▶ [Task description]: Once you find the line containing "(SHIELD), Y1.2, Y1.4" in the data below, copy it and each following line exactly, up to and including the line containing "SQUARE: D5.A, U3.29 (GPIO18)", and nothing else.

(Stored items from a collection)
--*--

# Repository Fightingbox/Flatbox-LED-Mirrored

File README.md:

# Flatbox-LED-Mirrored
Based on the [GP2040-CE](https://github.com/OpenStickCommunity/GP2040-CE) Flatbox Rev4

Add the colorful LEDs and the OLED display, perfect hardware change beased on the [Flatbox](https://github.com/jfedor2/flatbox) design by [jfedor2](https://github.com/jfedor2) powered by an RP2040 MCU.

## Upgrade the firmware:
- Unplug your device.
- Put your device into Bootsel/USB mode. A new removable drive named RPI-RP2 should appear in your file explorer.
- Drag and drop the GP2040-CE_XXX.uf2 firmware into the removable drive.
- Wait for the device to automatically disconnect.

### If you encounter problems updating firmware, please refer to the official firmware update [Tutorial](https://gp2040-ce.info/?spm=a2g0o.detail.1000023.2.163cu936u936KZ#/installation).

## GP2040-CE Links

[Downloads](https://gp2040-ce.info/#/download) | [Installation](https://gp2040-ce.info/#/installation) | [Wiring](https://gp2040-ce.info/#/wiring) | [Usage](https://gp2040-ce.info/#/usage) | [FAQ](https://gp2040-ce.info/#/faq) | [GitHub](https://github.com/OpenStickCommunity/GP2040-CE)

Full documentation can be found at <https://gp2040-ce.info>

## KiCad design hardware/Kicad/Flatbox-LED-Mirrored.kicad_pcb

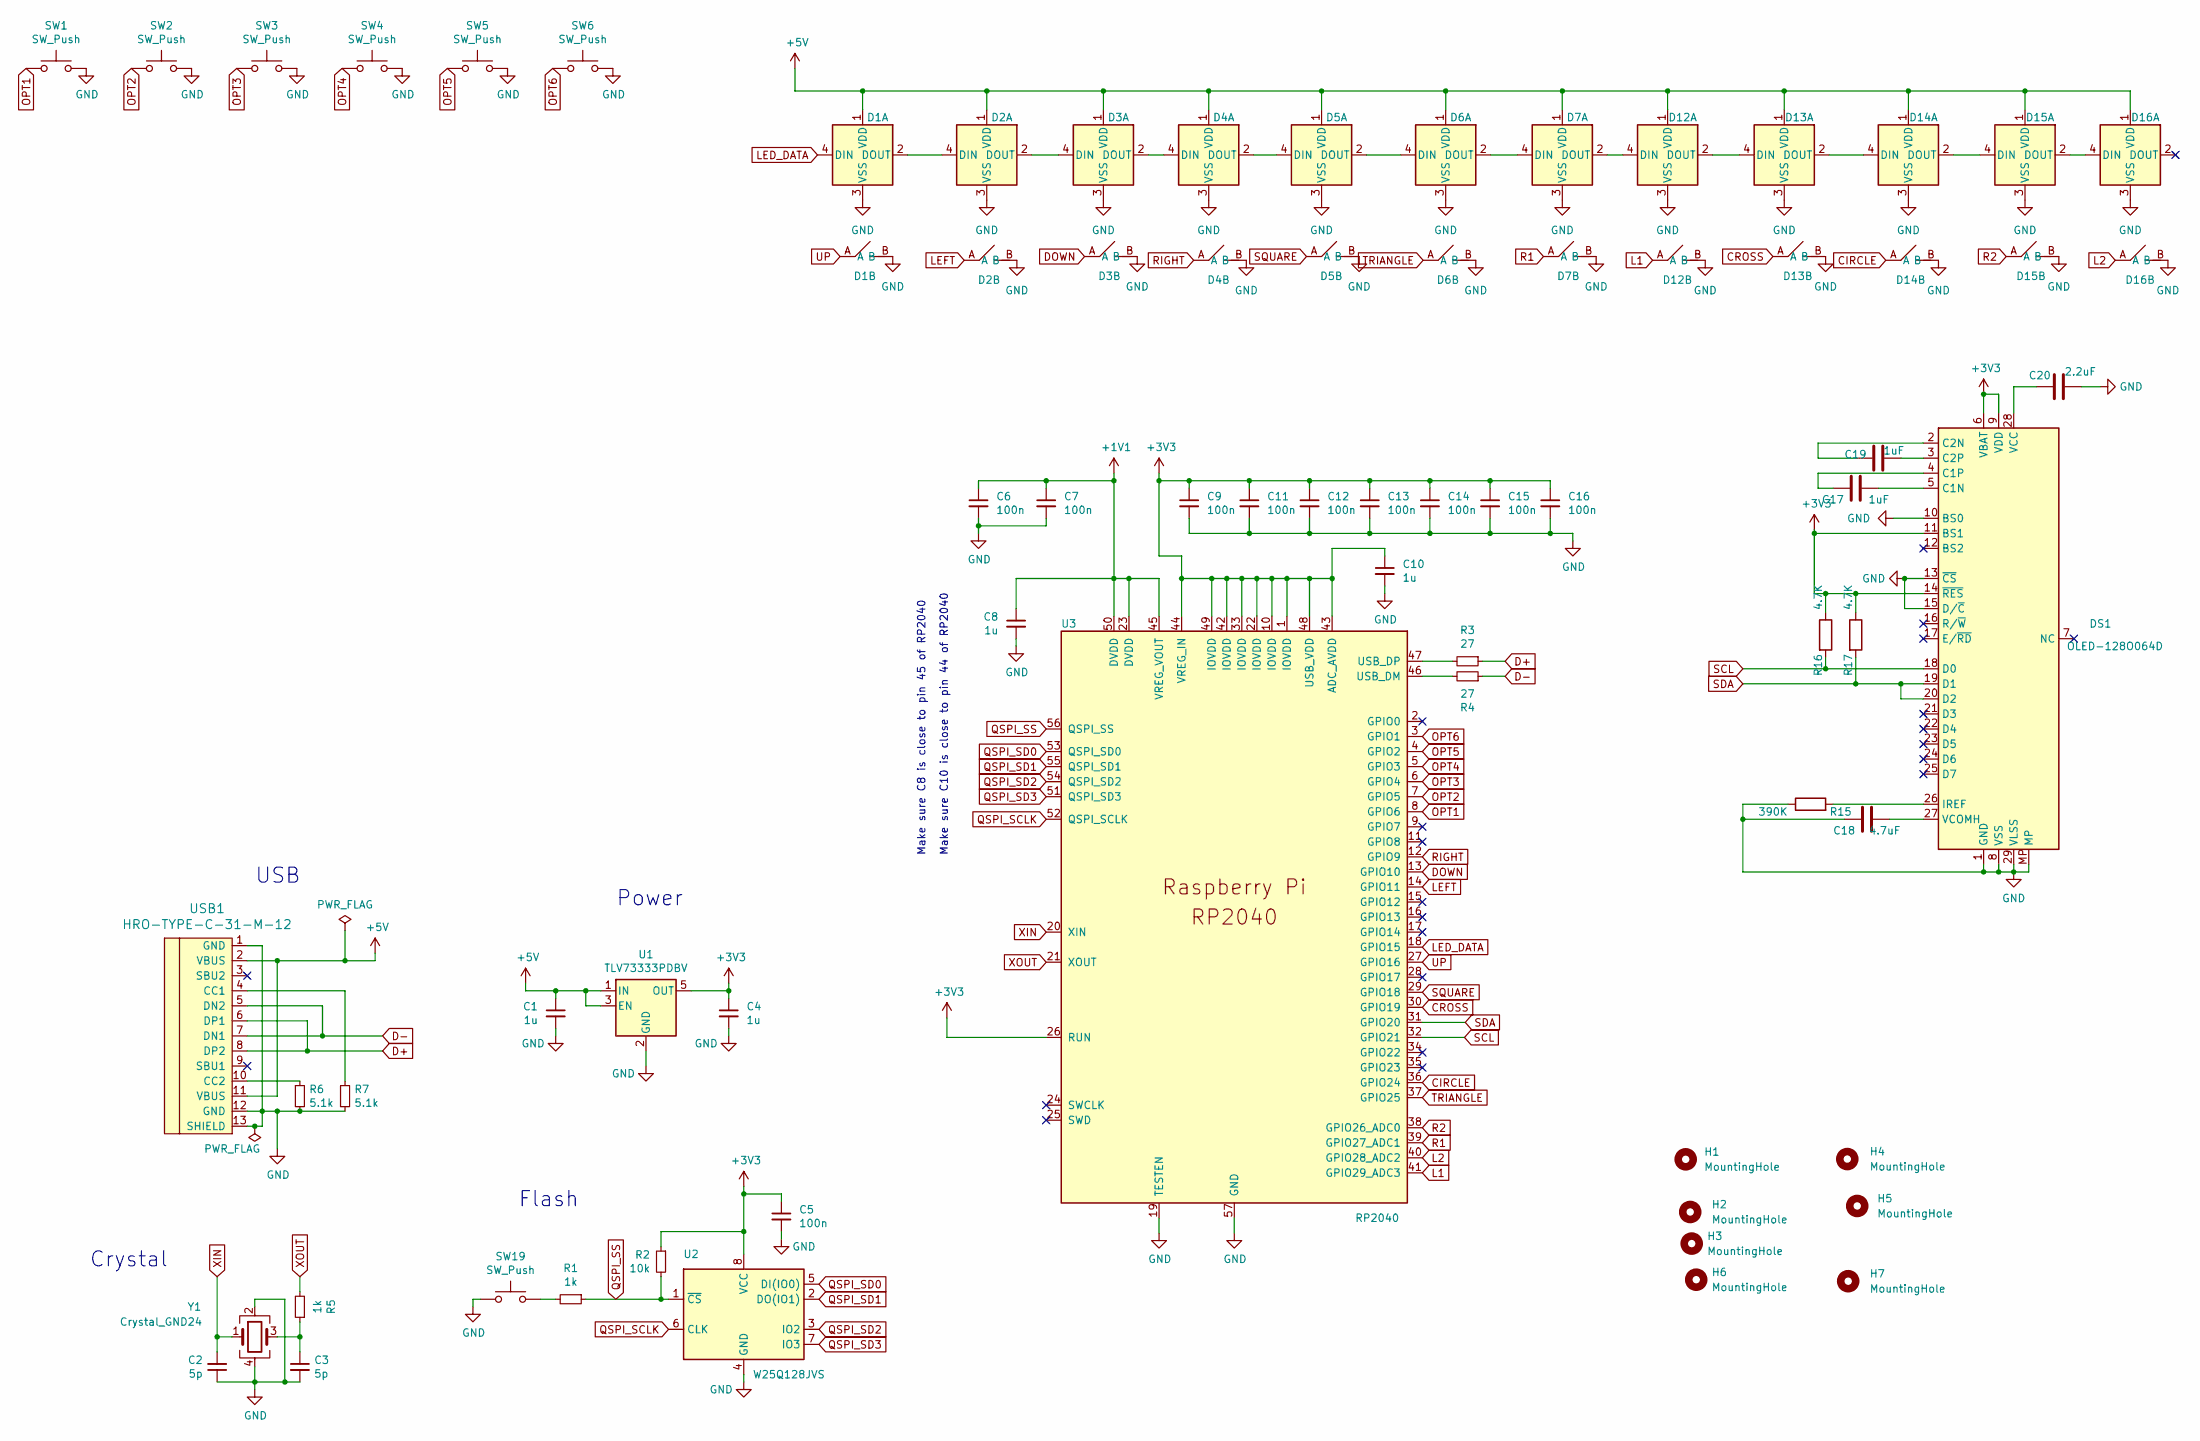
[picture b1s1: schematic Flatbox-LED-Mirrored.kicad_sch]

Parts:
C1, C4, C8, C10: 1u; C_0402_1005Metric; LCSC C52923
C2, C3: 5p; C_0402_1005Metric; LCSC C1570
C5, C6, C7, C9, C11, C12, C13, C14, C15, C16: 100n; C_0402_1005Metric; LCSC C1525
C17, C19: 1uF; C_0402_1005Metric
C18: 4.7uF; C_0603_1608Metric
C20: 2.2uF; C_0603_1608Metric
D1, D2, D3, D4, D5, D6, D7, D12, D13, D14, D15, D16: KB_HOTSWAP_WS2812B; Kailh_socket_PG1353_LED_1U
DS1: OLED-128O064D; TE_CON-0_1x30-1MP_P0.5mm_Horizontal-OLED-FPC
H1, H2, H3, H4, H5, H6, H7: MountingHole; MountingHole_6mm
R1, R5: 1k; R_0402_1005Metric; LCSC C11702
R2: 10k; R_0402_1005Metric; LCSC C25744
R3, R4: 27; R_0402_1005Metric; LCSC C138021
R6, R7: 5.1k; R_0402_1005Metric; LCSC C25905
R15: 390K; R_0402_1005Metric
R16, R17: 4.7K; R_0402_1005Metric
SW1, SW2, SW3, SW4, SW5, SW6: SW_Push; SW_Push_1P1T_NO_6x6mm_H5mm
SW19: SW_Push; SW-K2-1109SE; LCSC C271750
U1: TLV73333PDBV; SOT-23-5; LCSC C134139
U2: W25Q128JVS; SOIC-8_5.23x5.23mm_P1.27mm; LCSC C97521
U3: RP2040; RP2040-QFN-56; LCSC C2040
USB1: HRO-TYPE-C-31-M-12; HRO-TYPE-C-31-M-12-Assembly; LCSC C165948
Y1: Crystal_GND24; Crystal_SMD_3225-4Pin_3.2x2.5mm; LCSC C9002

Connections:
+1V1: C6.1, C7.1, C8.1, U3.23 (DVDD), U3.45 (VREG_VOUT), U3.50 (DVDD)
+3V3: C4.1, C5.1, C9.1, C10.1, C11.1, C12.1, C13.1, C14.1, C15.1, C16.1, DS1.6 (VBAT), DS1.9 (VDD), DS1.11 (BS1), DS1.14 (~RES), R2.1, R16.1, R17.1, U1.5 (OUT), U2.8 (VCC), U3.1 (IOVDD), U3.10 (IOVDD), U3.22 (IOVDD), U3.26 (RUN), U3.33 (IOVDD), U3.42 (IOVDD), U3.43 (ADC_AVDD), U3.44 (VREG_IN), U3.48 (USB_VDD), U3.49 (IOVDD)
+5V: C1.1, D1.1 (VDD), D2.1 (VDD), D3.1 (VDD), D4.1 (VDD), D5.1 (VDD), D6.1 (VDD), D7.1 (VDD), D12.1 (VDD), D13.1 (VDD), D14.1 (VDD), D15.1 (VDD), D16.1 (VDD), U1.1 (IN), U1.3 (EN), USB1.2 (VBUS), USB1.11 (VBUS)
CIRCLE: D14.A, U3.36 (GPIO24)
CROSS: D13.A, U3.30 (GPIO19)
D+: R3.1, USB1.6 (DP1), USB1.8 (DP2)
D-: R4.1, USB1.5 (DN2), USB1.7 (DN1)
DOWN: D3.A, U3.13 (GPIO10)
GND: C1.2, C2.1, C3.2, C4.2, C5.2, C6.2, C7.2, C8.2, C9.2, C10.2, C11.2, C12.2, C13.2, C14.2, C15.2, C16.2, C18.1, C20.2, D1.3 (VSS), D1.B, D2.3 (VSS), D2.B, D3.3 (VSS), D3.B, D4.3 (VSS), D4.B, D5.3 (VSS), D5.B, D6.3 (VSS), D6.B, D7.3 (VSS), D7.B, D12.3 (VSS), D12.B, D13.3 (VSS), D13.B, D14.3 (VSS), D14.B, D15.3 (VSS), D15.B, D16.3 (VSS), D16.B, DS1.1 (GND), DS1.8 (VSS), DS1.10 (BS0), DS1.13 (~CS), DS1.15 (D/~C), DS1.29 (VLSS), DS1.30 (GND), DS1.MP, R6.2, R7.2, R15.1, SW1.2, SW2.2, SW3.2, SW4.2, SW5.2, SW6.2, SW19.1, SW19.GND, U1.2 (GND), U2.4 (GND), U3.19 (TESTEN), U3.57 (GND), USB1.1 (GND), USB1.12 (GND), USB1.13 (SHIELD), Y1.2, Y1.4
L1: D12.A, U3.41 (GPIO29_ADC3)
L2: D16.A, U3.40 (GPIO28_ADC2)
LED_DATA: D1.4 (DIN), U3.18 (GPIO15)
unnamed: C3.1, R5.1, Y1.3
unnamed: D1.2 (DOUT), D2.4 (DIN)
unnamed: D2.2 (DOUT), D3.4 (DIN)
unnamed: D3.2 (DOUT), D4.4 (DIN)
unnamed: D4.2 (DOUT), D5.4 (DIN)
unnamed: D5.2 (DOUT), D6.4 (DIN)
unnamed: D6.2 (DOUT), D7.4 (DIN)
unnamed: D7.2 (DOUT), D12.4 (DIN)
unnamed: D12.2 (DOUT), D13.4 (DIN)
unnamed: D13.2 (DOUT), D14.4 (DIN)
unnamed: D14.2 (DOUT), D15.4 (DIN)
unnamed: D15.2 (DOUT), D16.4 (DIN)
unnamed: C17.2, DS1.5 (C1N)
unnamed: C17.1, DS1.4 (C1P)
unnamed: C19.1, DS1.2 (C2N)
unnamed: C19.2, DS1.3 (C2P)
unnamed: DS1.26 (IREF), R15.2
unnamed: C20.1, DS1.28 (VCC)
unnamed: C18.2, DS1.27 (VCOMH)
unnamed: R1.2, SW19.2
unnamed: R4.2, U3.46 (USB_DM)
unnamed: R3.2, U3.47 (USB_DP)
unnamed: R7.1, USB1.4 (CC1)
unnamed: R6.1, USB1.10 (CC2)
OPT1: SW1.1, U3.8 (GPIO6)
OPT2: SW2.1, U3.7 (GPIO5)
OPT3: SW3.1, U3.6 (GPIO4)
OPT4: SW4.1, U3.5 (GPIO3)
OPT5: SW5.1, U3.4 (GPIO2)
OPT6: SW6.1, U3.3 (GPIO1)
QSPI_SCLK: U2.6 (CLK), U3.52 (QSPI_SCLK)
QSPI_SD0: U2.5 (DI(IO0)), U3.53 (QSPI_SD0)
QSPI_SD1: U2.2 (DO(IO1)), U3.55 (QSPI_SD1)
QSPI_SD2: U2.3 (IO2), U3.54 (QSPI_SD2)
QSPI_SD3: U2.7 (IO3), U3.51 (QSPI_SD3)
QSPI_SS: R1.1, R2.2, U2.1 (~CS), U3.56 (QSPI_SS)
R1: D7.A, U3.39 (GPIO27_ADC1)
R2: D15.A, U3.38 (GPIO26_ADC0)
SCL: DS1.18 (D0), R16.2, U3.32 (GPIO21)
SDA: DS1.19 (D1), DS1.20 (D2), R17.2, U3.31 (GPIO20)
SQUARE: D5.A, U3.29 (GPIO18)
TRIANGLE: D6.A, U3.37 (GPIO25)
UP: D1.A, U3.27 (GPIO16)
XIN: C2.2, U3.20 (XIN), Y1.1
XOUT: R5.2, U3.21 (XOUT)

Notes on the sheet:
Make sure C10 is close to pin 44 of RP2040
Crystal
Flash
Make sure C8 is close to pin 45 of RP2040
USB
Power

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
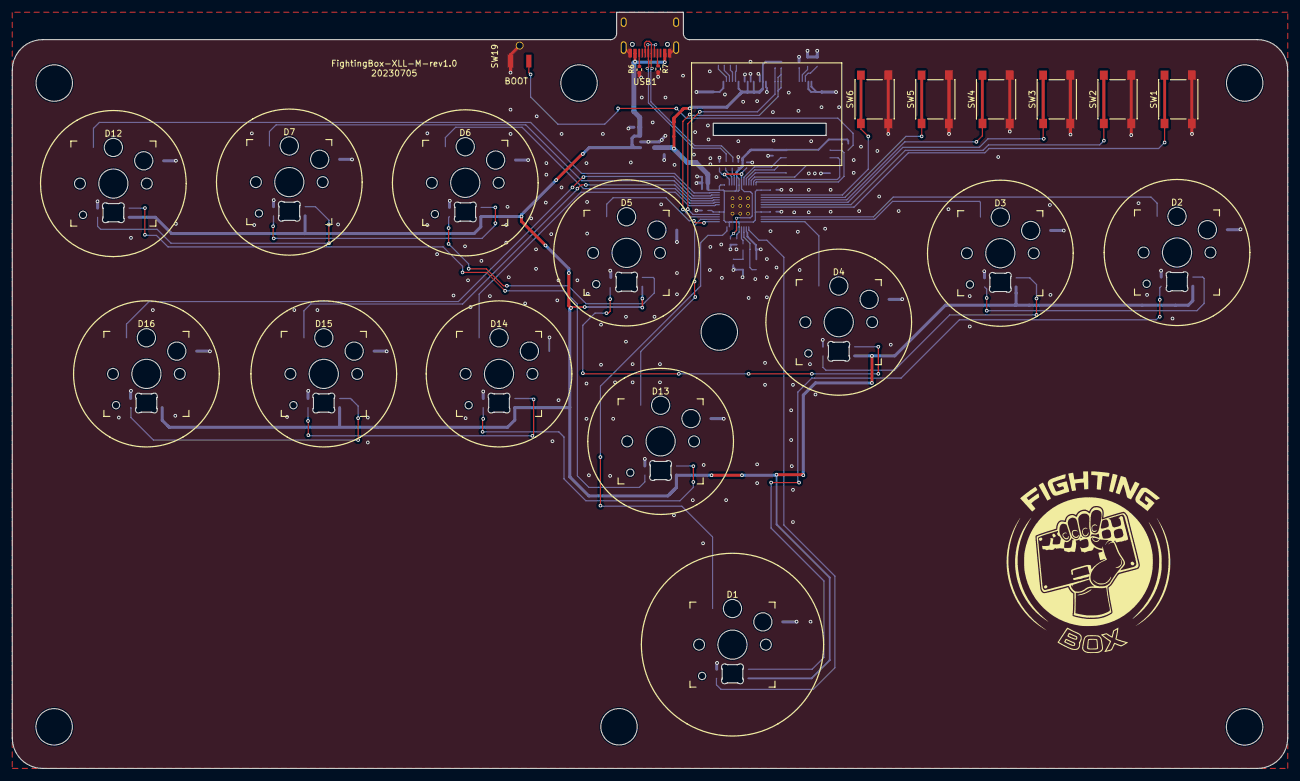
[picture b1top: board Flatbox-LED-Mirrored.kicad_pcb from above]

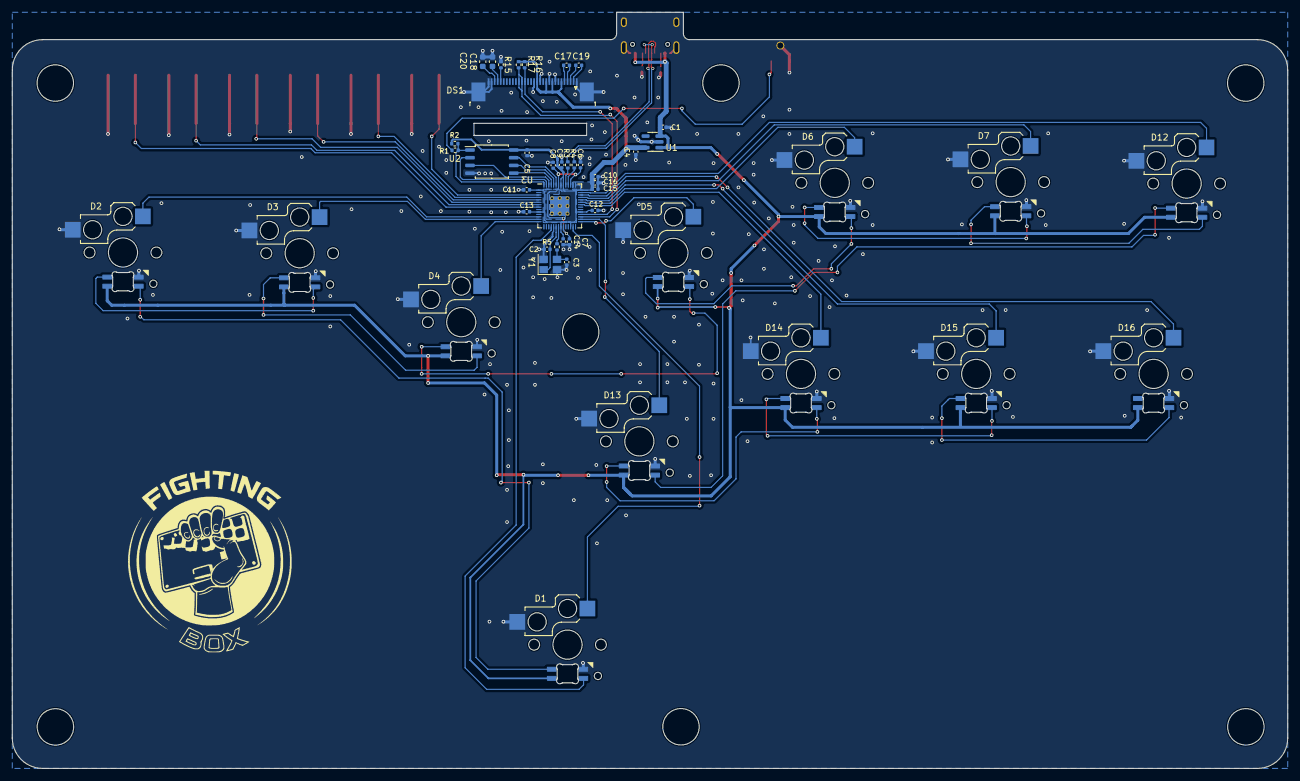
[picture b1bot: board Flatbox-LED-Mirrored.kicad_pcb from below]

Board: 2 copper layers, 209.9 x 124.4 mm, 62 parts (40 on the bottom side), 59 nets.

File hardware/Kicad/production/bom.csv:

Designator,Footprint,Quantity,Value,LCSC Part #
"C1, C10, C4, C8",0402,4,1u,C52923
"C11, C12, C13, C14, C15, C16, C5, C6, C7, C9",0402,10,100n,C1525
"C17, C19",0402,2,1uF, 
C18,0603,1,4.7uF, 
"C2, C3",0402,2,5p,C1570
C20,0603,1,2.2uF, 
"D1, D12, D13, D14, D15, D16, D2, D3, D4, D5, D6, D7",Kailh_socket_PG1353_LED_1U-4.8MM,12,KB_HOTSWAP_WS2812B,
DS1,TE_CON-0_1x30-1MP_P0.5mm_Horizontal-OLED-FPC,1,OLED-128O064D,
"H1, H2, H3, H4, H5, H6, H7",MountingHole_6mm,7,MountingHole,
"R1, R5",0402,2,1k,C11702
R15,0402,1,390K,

--*--

▶ [Solution for this problem]:
GND: C1.2, C2.1, C3.2, C4.2, C5.2, C6.2, C7.2, C8.2, C9.2, C10.2, C11.2, C12.2, C13.2, C14.2, C15.2, C16.2, C18.1, C20.2, D1.3 (VSS), D1.B, D2.3 (VSS), D2.B, D3.3 (VSS), D3.B, D4.3 (VSS), D4.B, D5.3 (VSS), D5.B, D6.3 (VSS), D6.B, D7.3 (VSS), D7.B, D12.3 (VSS), D12.B, D13.3 (VSS), D13.B, D14.3 (VSS), D14.B, D15.3 (VSS), D15.B, D16.3 (VSS), D16.B, DS1.1 (GND), DS1.8 (VSS), DS1.10 (BS0), DS1.13 (~CS), DS1.15 (D/~C), DS1.29 (VLSS), DS1.30 (GND), DS1.MP, R6.2, R7.2, R15.1, SW1.2, SW2.2, SW3.2, SW4.2, SW5.2, SW6.2, SW19.1, SW19.GND, U1.2 (GND), U2.4 (GND), U3.19 (TESTEN), U3.57 (GND), USB1.1 (GND), USB1.12 (GND), USB1.13 (SHIELD), Y1.2, Y1.4
L1: D12.A, U3.41 (GPIO29_ADC3)
L2: D16.A, U3.40 (GPIO28_ADC2)
LED_DATA: D1.4 (DIN), U3.18 (GPIO15)
unnamed: C3.1, R5.1, Y1.3
unnamed: D1.2 (DOUT), D2.4 (DIN)
unnamed: D2.2 (DOUT), D3.4 (DIN)
unnamed: D3.2 (DOUT), D4.4 (DIN)
unnamed: D4.2 (DOUT), D5.4 (DIN)
unnamed: D5.2 (DOUT), D6.4 (DIN)
unnamed: D6.2 (DOUT), D7.4 (DIN)
unnamed: D7.2 (DOUT), D12.4 (DIN)
unnamed: D12.2 (DOUT), D13.4 (DIN)
unnamed: D13.2 (DOUT), D14.4 (DIN)
unnamed: D14.2 (DOUT), D15.4 (DIN)
unnamed: D15.2 (DOUT), D16.4 (DIN)
unnamed: C17.2, DS1.5 (C1N)
unnamed: C17.1, DS1.4 (C1P)
unnamed: C19.1, DS1.2 (C2N)
unnamed: C19.2, DS1.3 (C2P)
unnamed: DS1.26 (IREF), R15.2
unnamed: C20.1, DS1.28 (VCC)
unnamed: C18.2, DS1.27 (VCOMH)
unnamed: R1.2, SW19.2
unnamed: R4.2, U3.46 (USB_DM)
unnamed: R3.2, U3.47 (USB_DP)
unnamed: R7.1, USB1.4 (CC1)
unnamed: R6.1, USB1.10 (CC2)
OPT1: SW1.1, U3.8 (GPIO6)
OPT2: SW2.1, U3.7 (GPIO5)
OPT3: SW3.1, U3.6 (GPIO4)
OPT4: SW4.1, U3.5 (GPIO3)
OPT5: SW5.1, U3.4 (GPIO2)
OPT6: SW6.1, U3.3 (GPIO1)
QSPI_SCLK: U2.6 (CLK), U3.52 (QSPI_SCLK)
QSPI_SD0: U2.5 (DI(IO0)), U3.53 (QSPI_SD0)
QSPI_SD1: U2.2 (DO(IO1)), U3.55 (QSPI_SD1)
QSPI_SD2: U2.3 (IO2), U3.54 (QSPI_SD2)
QSPI_SD3: U2.7 (IO3), U3.51 (QSPI_SD3)
QSPI_SS: R1.1, R2.2, U2.1 (~CS), U3.56 (QSPI_SS)
R1: D7.A, U3.39 (GPIO27_ADC1)
R2: D15.A, U3.38 (GPIO26_ADC0)
SCL: DS1.18 (D0), R16.2, U3.32 (GPIO21)
SDA: DS1.19 (D1), DS1.20 (D2), R17.2, U3.31 (GPIO20)
SQUARE: D5.A, U3.29 (GPIO18)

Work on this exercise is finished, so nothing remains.